6. Why does God give more time and attention to judgment than blessings?
In the two foundational passages given to the Israelites regarding blessings for obedience and curses for disobedience to God (Leviticus 26 and Deuteronomy 27 and 28), about 17% of the verses deal with blessings, and 83% deal with cursings.
Additionally, Christ followed this same pattern and talked more about hell than heaven.
This pattern reveals that God has designed the human heart in such a way that it responds better to warnings than blessings.

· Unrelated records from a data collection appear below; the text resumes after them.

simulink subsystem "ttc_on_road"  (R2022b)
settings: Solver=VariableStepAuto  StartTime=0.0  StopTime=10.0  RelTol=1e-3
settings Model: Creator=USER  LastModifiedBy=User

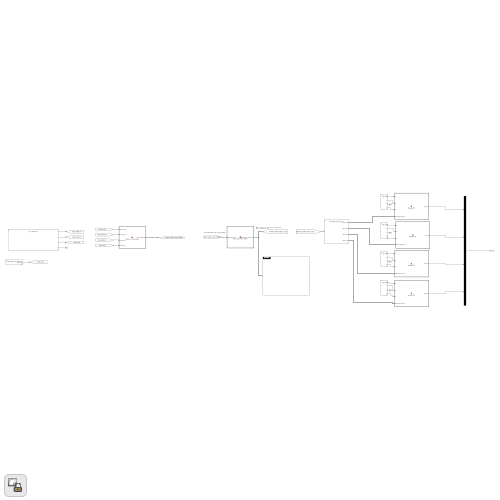
[thumbnail: Simulink's stored preview of the top-level diagram]
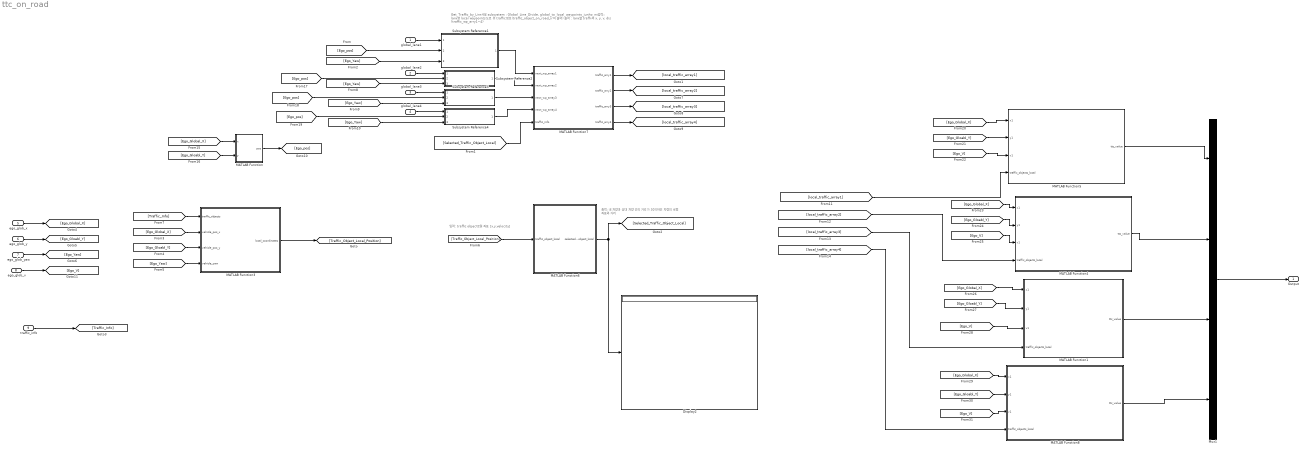
== system ttc_on_road ==
  note: 입력: traffic object 로컬 좌표 [x,y,velocity]
  note: 출력: 내 차량과 상대 차량 간의 거리가 30이하인 차령의 로컬 좌표와 거리
  note: Get_Traffic_by_Line(사용 subsystem : Global_Line_Divide, global_to_local_waypoints_junho_new) :
      | 입력 : lane별 local waypoints, 도로 위 traffic 정보(traffic_object_on_road_info의 출력)
      | 출력 : lane별 traffic의 x, y, v, dis (traffic_wp_arry1~4)
  global_lane1 : Inport
  global_lane2 : Inport  Port=2
  global_lane3 : Inport  Port=3
  global_lane4 : Inport  Port=4
  ego_glob_x : Inport  Port=5
  ego_glob_y : Inport  Port=6
  ego_glob_yaw : Inport  Port=7
  ego_glob_v : Inport  Port=8
  traffic_info : Inport  Port=9
  Display2 : Display
  MATLAB Function : MATLAB Function  TreatAsAtomicUnit=on
  MATLAB Function1 : MATLAB Function  TreatAsAtomicUnit=on
  MATLAB Function3 : MATLAB Function  TreatAsAtomicUnit=on
  MATLAB Function4 : MATLAB Function  TreatAsAtomicUnit=on
  MATLAB Function5 : MATLAB Function  TreatAsAtomicUnit=on
  MATLAB Function6 : MATLAB Function  TreatAsAtomicUnit=on
  MATLAB Function7 : MATLAB Function  TreatAsAtomicUnit=on
  MATLAB Function8 : MATLAB Function  TreatAsAtomicUnit=on
  Mux1 : Mux
  Subsystem Reference{1..4} (4 alike) : Subsystem  ReferencedSubsystem=global_to_local_waypoint_junho
  Output : Outport
  wires:
  traffic_info/1 -> [Traffic_Info]
  ego_glob_yaw/1 -> [Ego_Yaw]
  MATLAB Function6/1(selected_traffic_object_local) -> [Selected_Traffic_Object_Local], Display2/1
  [Ego_Gloabl_Y] -> MATLAB Function3/3(vehicle_pos_y)
  ego_glob_x/1 -> [Ego_Global_X]
  MATLAB Function1/1(ttc_value) -> Mux1/3
  [Ego_Yaw] -> MATLAB Function3/4(vehicle_yaw)
  [Traffic_Info] -> MATLAB Function3/1(traffic_objects)
  ego_glob_y/1 -> [Ego_Gloabl_Y]
  Mux1/1 -> Output/1
  MATLAB Function3/1(local_coordinates) -> [Traffic_Object_Local_Position]
  [Traffic_Object_Local_Position] -> MATLAB Function6/1(traffic_object_local)
  [local_traffic_array2] -> MATLAB Function4/4(traffic_objects_local)
  [Ego_Global_X] -> MATLAB Function3/2(vehicle_pos_x)
  MATLAB Function5/1(ttc_value) -> Mux1/1
  [local_traffic_array3] -> MATLAB Function1/4(traffic_objects_local)
  MATLAB Function8/1(ttc_value) -> Mux1/4
  [local_traffic_array1] -> MATLAB Function5/4(traffic_objects_local)
  [local_traffic_array4] -> MATLAB Function8/4(traffic_objects_local)
  MATLAB Function4/1(ttc_value) -> Mux1/2
  MATLAB Function7/3(traffic_arry3) -> [local_traffic_array3]
  Subsystem Reference3/1 -> MATLAB Function7/3(next_wp_array3)
  Subsystem Reference2/1 -> MATLAB Function7/2(next_wp_array2)
  MATLAB Function7/2(traffic_arry2) -> [local_traffic_array2]
  Subsystem Reference1/1 -> MATLAB Function7/1(next_wp_array1)
  Subsystem Reference4/1 -> MATLAB Function7/4(next_wp_array4)
  MATLAB Function7/4(traffic_arry4) -> [local_traffic_array4]
  MATLAB Function7/1(traffic_arry1) -> [local_traffic_array1]
  [Selected_Traffic_Object_Local] -> MATLAB Function7/5(traffic_info)
  global_lane1/1 -> Subsystem Reference1/1
  global_lane2/1 -> Subsystem Reference2/1
  global_lane3/1 -> Subsystem Reference3/1
  global_lane4/1 -> Subsystem Reference4/1
  [Ego_Yaw] -> Subsystem Reference1/3
  [Ego_Yaw] -> Subsystem Reference2/3
  [Ego_Yaw] -> Subsystem Reference3/3
  [Ego_Yaw] -> Subsystem Reference4/3
  [Ego_Global_X] -> MATLAB Function/1(x)
  [Ego_Gloabl_Y] -> MATLAB Function/2(y)
  MATLAB Function/1(pos) -> [Ego_pos]
  [Ego_pos] -> Subsystem Reference1/2
  [Ego_pos] -> Subsystem Reference2/2
  [Ego_pos] -> Subsystem Reference3/2
  [Ego_pos] -> Subsystem Reference4/2
  [Ego_Global_X] -> MATLAB Function5/1(x1)
  [Ego_Gloabl_Y] -> MATLAB Function5/2(y1)
  [Ego_V] -> MATLAB Function5/3(v1)
  ego_glob_v/1 -> [Ego_V]
  [Ego_Global_X] -> MATLAB Function4/1(x1)
  [Ego_Gloabl_Y] -> MATLAB Function4/2(y1)
  [Ego_V] -> MATLAB Function4/3(v1)
  [Ego_Global_X] -> MATLAB Function1/1(x1)
  [Ego_Gloabl_Y] -> MATLAB Function1/2(y1)
  [Ego_Global_X] -> MATLAB Function8/1(x1)
  [Ego_Gloabl_Y] -> MATLAB Function8/2(y1)
  [Ego_V] -> MATLAB Function8/3(v1)
  [Ego_V] -> MATLAB Function1/3(v1)

== matlab function ttc_on_road/MATLAB Function3 ==
  data: traffic_objects input; local_coordinates output; vehicle_pos_x input; vehicle_pos_y input; vehicle_yaw input
function local_coordinates = global_to_local_position(traffic_objects, vehicle_pos_x, vehicle_pos_y, vehicle_yaw)
    % 가변 크기를 [30, 3]로 설정 (최대 30개의 객체를 지원)
    local_coordinates = zeros(30, 3);  % 초기화 시 고정 크기로 배열 생성

    % 차량 위치를 기준으로 변환 (평행 이동)
    delta_x = traffic_objects(:, 1) - vehicle_pos_x;
    delta_y = traffic_objects(:, 2) - vehicle_pos_y;

    % 차량의 요(방향)에 따른 회전 변환
    x_l = cos(vehicle_yaw) * delta_x + sin(vehicle_yaw) * delta_y;
    y_l = -sin(vehicle_yaw) * delta_x + cos(vehicle_yaw) * delta_y;

    % 유효한 객체의 수만큼 지역 좌표를 저장
    num_objects = min(size(traffic_objects, 1), 30); % 최대 30개의 객체로 제한

    for i = 1:num_objects
        velocity = sqrt(traffic_objects(i, 3)^2 + traffic_objects(i, 4)^2);
        local_coordinates(i, :) = [x_l(i), y_l(i), velocity];
    end

    % 나머지 행은 NaN으로 채워 고정 크기 배열 유지
    if num_objects < 30
        local_coordinates(num_objects+1:end, :) = NaN;
    end
end

== matlab function ttc_on_road/MATLAB Function1 ==
  data: x1 input; ttc_value output; y1 input; v1 input; traffic_objects_local input
function ttc_value = calculateTTC(x1, y1, v1, traffic_objects_local)
    % 여러 상대 차량과의 Time to Collision 계산 함수
    % 입력:
    %   x1, y1 - 내 차량의 좌표
    %   v1 - 내 차량의 속도 (크기)
    %   traffic_objects_local - Nx3 행렬로, 각 행은 상대 차량의 (x, y,velocity) 좌표
    %   distance - Nx1 벡터로 내 차량과 다른 차량 사이의 거리
    % 출력:
    %   ttc_values - 각 상대 차량과의 Time to Collision 값

    % 차량 수
    numVehicles = size(traffic_objects_local, 1);

    if numVehicles > 0
        % 거리 및 TTC 저장을 위한 배열 초기화
        ttc_values = zeros(numVehicles, 1);
        
        % 각 차량과의 거리 및 상대 속도 계산
        for i = 1:numVehicles
    
            % 상대 속도 계산 (내 차량 속도와 상대 차량 속도의 차이)
            v2 = traffic_objects_local(i,3);
            relative_velocity = v2 - v1;
            temp_ttc = traffic_objects_local(i,4) / relative_velocity; 
            % Time to Collision 계산
            ttc_values(i) = abs(traffic_objects_local(i,4) / relative_velocity);
        end

        % 행렬에서 inf 값을 제외한 값들만 선택
        finiteValues = ttc_values(isfinite(ttc_values));
    
        % inf가 아닌 값들 중 최소 값 계산
        if ~isempty(finiteValues)
            ttc_value = min(finiteValues);
        else
            % 모든 값이 inf일 경우
            ttc_value = inf;
        end
    
    else
        ttc_value = inf;
    end
end

== matlab function ttc_on_road/MATLAB Function4 ==
  data: x1 input; ttc_value output; y1 input; v1 input; traffic_objects_local input
function ttc_value = calculateTTC(x1, y1, v1, traffic_objects_local)
    % 여러 상대 차량과의 Time to Collision 계산 함수
    % 입력:
    %   x1, y1 - 내 차량의 좌표
    %   v1 - 내 차량의 속도 (크기)
    %   traffic_objects_local - Nx3 행렬로, 각 행은 상대 차량의 (x, y,velocity) 좌표
    %   distance - Nx1 벡터로 내 차량과 다른 차량 사이의 거리
    % 출력:
    %   ttc_values - 각 상대 차량과의 Time to Collision 값

    % 차량 수
    numVehicles = size(traffic_objects_local, 1);

    if numVehicles > 0
        % 거리 및 TTC 저장을 위한 배열 초기화
        ttc_values = zeros(numVehicles, 1);
        
        % 각 차량과의 거리 및 상대 속도 계산
        for i = 1:numVehicles
    
            % 상대 속도 계산 (내 차량 속도와 상대 차량 속도의 차이)
            v2 = traffic_objects_local(i,3);
            relative_velocity = v2 - v1;
            temp_ttc = traffic_objects_local(i,4) / relative_velocity; 
            % Time to Collision 계산
            ttc_values(i) = abs(traffic_objects_local(i,4) / relative_velocity);
        end

        % 행렬에서 inf 값을 제외한 값들만 선택
        finiteValues = ttc_values(isfinite(ttc_values));
    
        % inf가 아닌 값들 중 최소 값 계산
        if ~isempty(finiteValues)
            ttc_value = min(finiteValues);
        else
            % 모든 값이 inf일 경우
            ttc_value = inf;
        end
    
    else
        ttc_value = inf;
    end
end

== matlab function ttc_on_road/MATLAB Function5 ==
  data: x1 input; ttc_value output; y1 input; v1 input; traffic_objects_local input
function ttc_value = calculateTTC(x1, y1, v1, traffic_objects_local)
    % 여러 상대 차량과의 Time to Collision 계산 함수
    % 입력:
    %   x1, y1 - 내 차량의 좌표
    %   v1 - 내 차량의 속도 (크기)
    %   traffic_objects_local - Nx3 행렬로, 각 행은 상대 차량의 (x, y,velocity) 좌표
    %   distance - Nx1 벡터로 내 차량과 다른 차량 사이의 거리
    % 출력:
    %   ttc_values - 각 상대 차량과의 Time to Collision 값

    % 차량 수
    numVehicles = size(traffic_objects_local, 1);

    if numVehicles > 0
        % 거리 및 TTC 저장을 위한 배열 초기화
        ttc_values = zeros(numVehicles, 1);
        
        % 각 차량과의 거리 및 상대 속도 계산
        for i = 1:numVehicles
    
            % 상대 속도 계산 (내 차량 속도와 상대 차량 속도의 차이)
            v2 = traffic_objects_local(i,3);
            relative_velocity = v2 - v1;
            temp_ttc = traffic_objects_local(i,4) / relative_velocity; 
            % Time to Collision 계산
            ttc_values(i) = abs(traffic_objects_local(i,4) / relative_velocity);
        end

        % 행렬에서 inf 값을 제외한 값들만 선택
        finiteValues = ttc_values(isfinite(ttc_values));
    
        % inf가 아닌 값들 중 최소 값 계산
        if ~isempty(finiteValues)
            ttc_value = min(finiteValues);
        else
            % 모든 값이 inf일 경우
            ttc_value = inf;
        end
    
    else
        ttc_value = inf;
    end
end

== matlab function ttc_on_road/MATLAB Function6 ==
  data: traffic_object_local input; selected_traffic_object_local output
function selected_traffic_object_local = select_near_traffic_object(traffic_object_local)
    % 차량 수
    numVehicles = size(traffic_object_local, 1);
    
    % 가변 크기 설정: 최대 30x4 크기
    selected_traffic_object_local = zeros(30, 4); 

    count = 1; % 유효 객체 카운터

    % 각 차량과의 거리 계산 및 거리가 30이하인 경우 선택
    for i = 1:numVehicles
        x = traffic_object_local(i,1);
        y = traffic_object_local(i,2);
        distance = sqrt(x^2 + y^2) - 4.47;

        if distance <= 30
            % 거리 조건에 맞는 traffic object만 배열에 추가
            selected_traffic_object_local(count, :) = [traffic_object_local(i, :), distance];
            count = count + 1;
            
            % 최대 크기를 넘지 않도록 설정
            if count > 30
                break;
            end
        end
    end
    
    % 남은 행들을 NaN으로 채워 고정 크기로 유지
    if count <= 30
        selected_traffic_object_local(count:end, :) = NaN;
    end
end

== matlab function ttc_on_road/MATLAB Function ==
  data: x input; pos output; y input
function pos = xy_2_pos(x, y)

    pos = [x,y];

end

== matlab function ttc_on_road/MATLAB Function8 ==
  data: x1 input; ttc_value output; y1 input; v1 input; traffic_objects_local input
function ttc_value = calculateTTC(x1, y1, v1, traffic_objects_local)
    % 여러 상대 차량과의 Time to Collision 계산 함수
    % 입력:
    %   x1, y1 - 내 차량의 좌표
    %   v1 - 내 차량의 속도 (크기)
    %   traffic_objects_local - Nx3 행렬로, 각 행은 상대 차량의 (x, y,velocity) 좌표
    %   distance - Nx1 벡터로 내 차량과 다른 차량 사이의 거리
    % 출력:
    %   ttc_values - 각 상대 차량과의 Time to Collision 값

    % 차량 수
    numVehicles = size(traffic_objects_local, 1);

    if numVehicles > 0
        % 거리 및 TTC 저장을 위한 배열 초기화
        ttc_values = zeros(numVehicles, 1);
        
        % 각 차량과의 거리 및 상대 속도 계산
        for i = 1:numVehicles
    
            % 상대 속도 계산 (내 차량 속도와 상대 차량 속도의 차이)
            v2 = traffic_objects_local(i,3);
            relative_velocity = v2 - v1;
            temp_ttc = traffic_objects_local(i,4) / relative_velocity; 
            % Time to Collision 계산
            ttc_values(i) = abs(traffic_objects_local(i,4) / relative_velocity);
        end

        % 행렬에서 inf 값을 제외한 값들만 선택
        finiteValues = ttc_values(isfinite(ttc_values));
    
        % inf가 아닌 값들 중 최소 값 계산
        if ~isempty(finiteValues)
            ttc_value = min(finiteValues);
        else
            % 모든 값이 inf일 경우
            ttc_value = inf;
        end
    
    else
        ttc_value = inf;
    end
end

== matlab function ttc_on_road/MATLAB Function7 ==
  settings: sampleTime=0.001
  data: next_wp_array1 input; next_wp_array2 input; next_wp_array3 input; next_wp_array4 input; traffic_arry1 output size=[8 4]; traffic_info input; traffic_arry2 output size=[8 4]; traffic_arry3 output size=[8 4]; traffic_arry4 output size=[8 4]
function [traffic_arry1, traffic_arry2, traffic_arry3, traffic_arry4] = get_traffic(next_wp_array1, next_wp_array2, next_wp_array3, next_wp_array4, traffic_info)
    tolerance = 3; % 트래픽 위치에 대한 오차 허용 범위

    % Initialize traffic waypoints array with NaNs (size 8x4 to limit maximum size)
    coder.varsize('traffic_arry1', [8, 4]);  % 행은 8로 설정, 열은 4로 고정
    traffic_arry1 = zeros(0,4);
    coder.varsize('traffic_arry2', [8, 4]);  % 행은 8로 설정, 열은 4로 고정
    traffic_arry2 = zeros(0,4);
    coder.varsize('traffic_arry3', [8, 4]);  % 행은 8로 설정, 열은 4로 고정
    traffic_arry3 = zeros(0,4);
    coder.varsize('traffic_arry4', [8, 4]);  % 행은 8로 설정, 열은 4로 고정
    traffic_arry4 = zeros(0,4);

    % 트래픽 정보를 각 lane의 waypoints와 비교하여 저장
    for i = 1:size(traffic_info, 1) % 각 트래픽 정보에 대해 반복
        traffic_x = traffic_info(i, 1);
        traffic_y = traffic_info(i, 2);
        traffic_v = traffic_info(i, 3);
        traffic_dis = traffic_info(i, 4);

        % 각 lane의 waypoints와 트래픽 위치 비교 (오차 tolerance 범위 내)
        if is_within_tolerance(traffic_x, traffic_y, next_wp_array1, tolerance)
            traffic_arry1 = add_to_traffic_array(traffic_arry1, [traffic_x, traffic_y, traffic_v, traffic_dis]);
        elseif is_within_tolerance(traffic_x, traffic_y, next_wp_array2, tolerance)
            traffic_arry2 = add_to_traffic_array(traffic_arry2, [traffic_x, traffic_y, traffic_v, traffic_dis]);
        elseif is_within_tolerance(traffic_x, traffic_y, next_wp_array3, tolerance)
            traffic_arry3 = add_to_traffic_array(traffic_arry3, [traffic_x, traffic_y, traffic_v, traffic_dis]);
        elseif is_within_tolerance(traffic_x, traffic_y, next_wp_array4, tolerance)
            traffic_arry4 = add_to_traffic_array(traffic_arry4, [traffic_x, traffic_y, traffic_v, traffic_dis]);
        end
    end
end

% 트래픽 좌표가 해당 lane의 waypoints와 오차 tolerance 범위 내에 있는지 확인하는 함수
function is_within = is_within_tolerance(traffic_x, traffic_y, waypoints, tolerance)
    distances = sqrt((waypoints(:, 1) - traffic_x).^2 + (waypoints(:, 2) - traffic_y).^2);
    is_within = any(distances <= tolerance); % 오차 tolerance 이내에 있는지 확인
end

% 트래픽 정보를 해당 lane array에 추가하는 함수
function updated_array = add_to_traffic_array(traffic_array, traffic_data)
    % 배열의 크기를 제한 (최대 8x4)
    if size(traffic_array, 1) < 8
        % 현재 배열에 행 추가
        traffic_array = [traffic_array; traffic_data];
    end
    updated_array = traffic_array;
end

This is so because blessings are optional, but judgment is not. I can choose the blessings if I want, but I can’t choose to escape judgment for disobedience.
Faith Lesson from the Kidron Valley
1. Do we realize God is a God of love, but He is also a God of justice?
2. Do we realize the reality of the judgments of God?
3. Do we believe in a literal hell and do we talk about it like Christ did?
4. Do we understand that God has done everything possible to save us, but if we reject Him then we are choosing separation from Him in hell instead?
5. Have I received Christ as my Savior and am I living for Him?
6. Am I telling others about Christ’s offer of eternal life?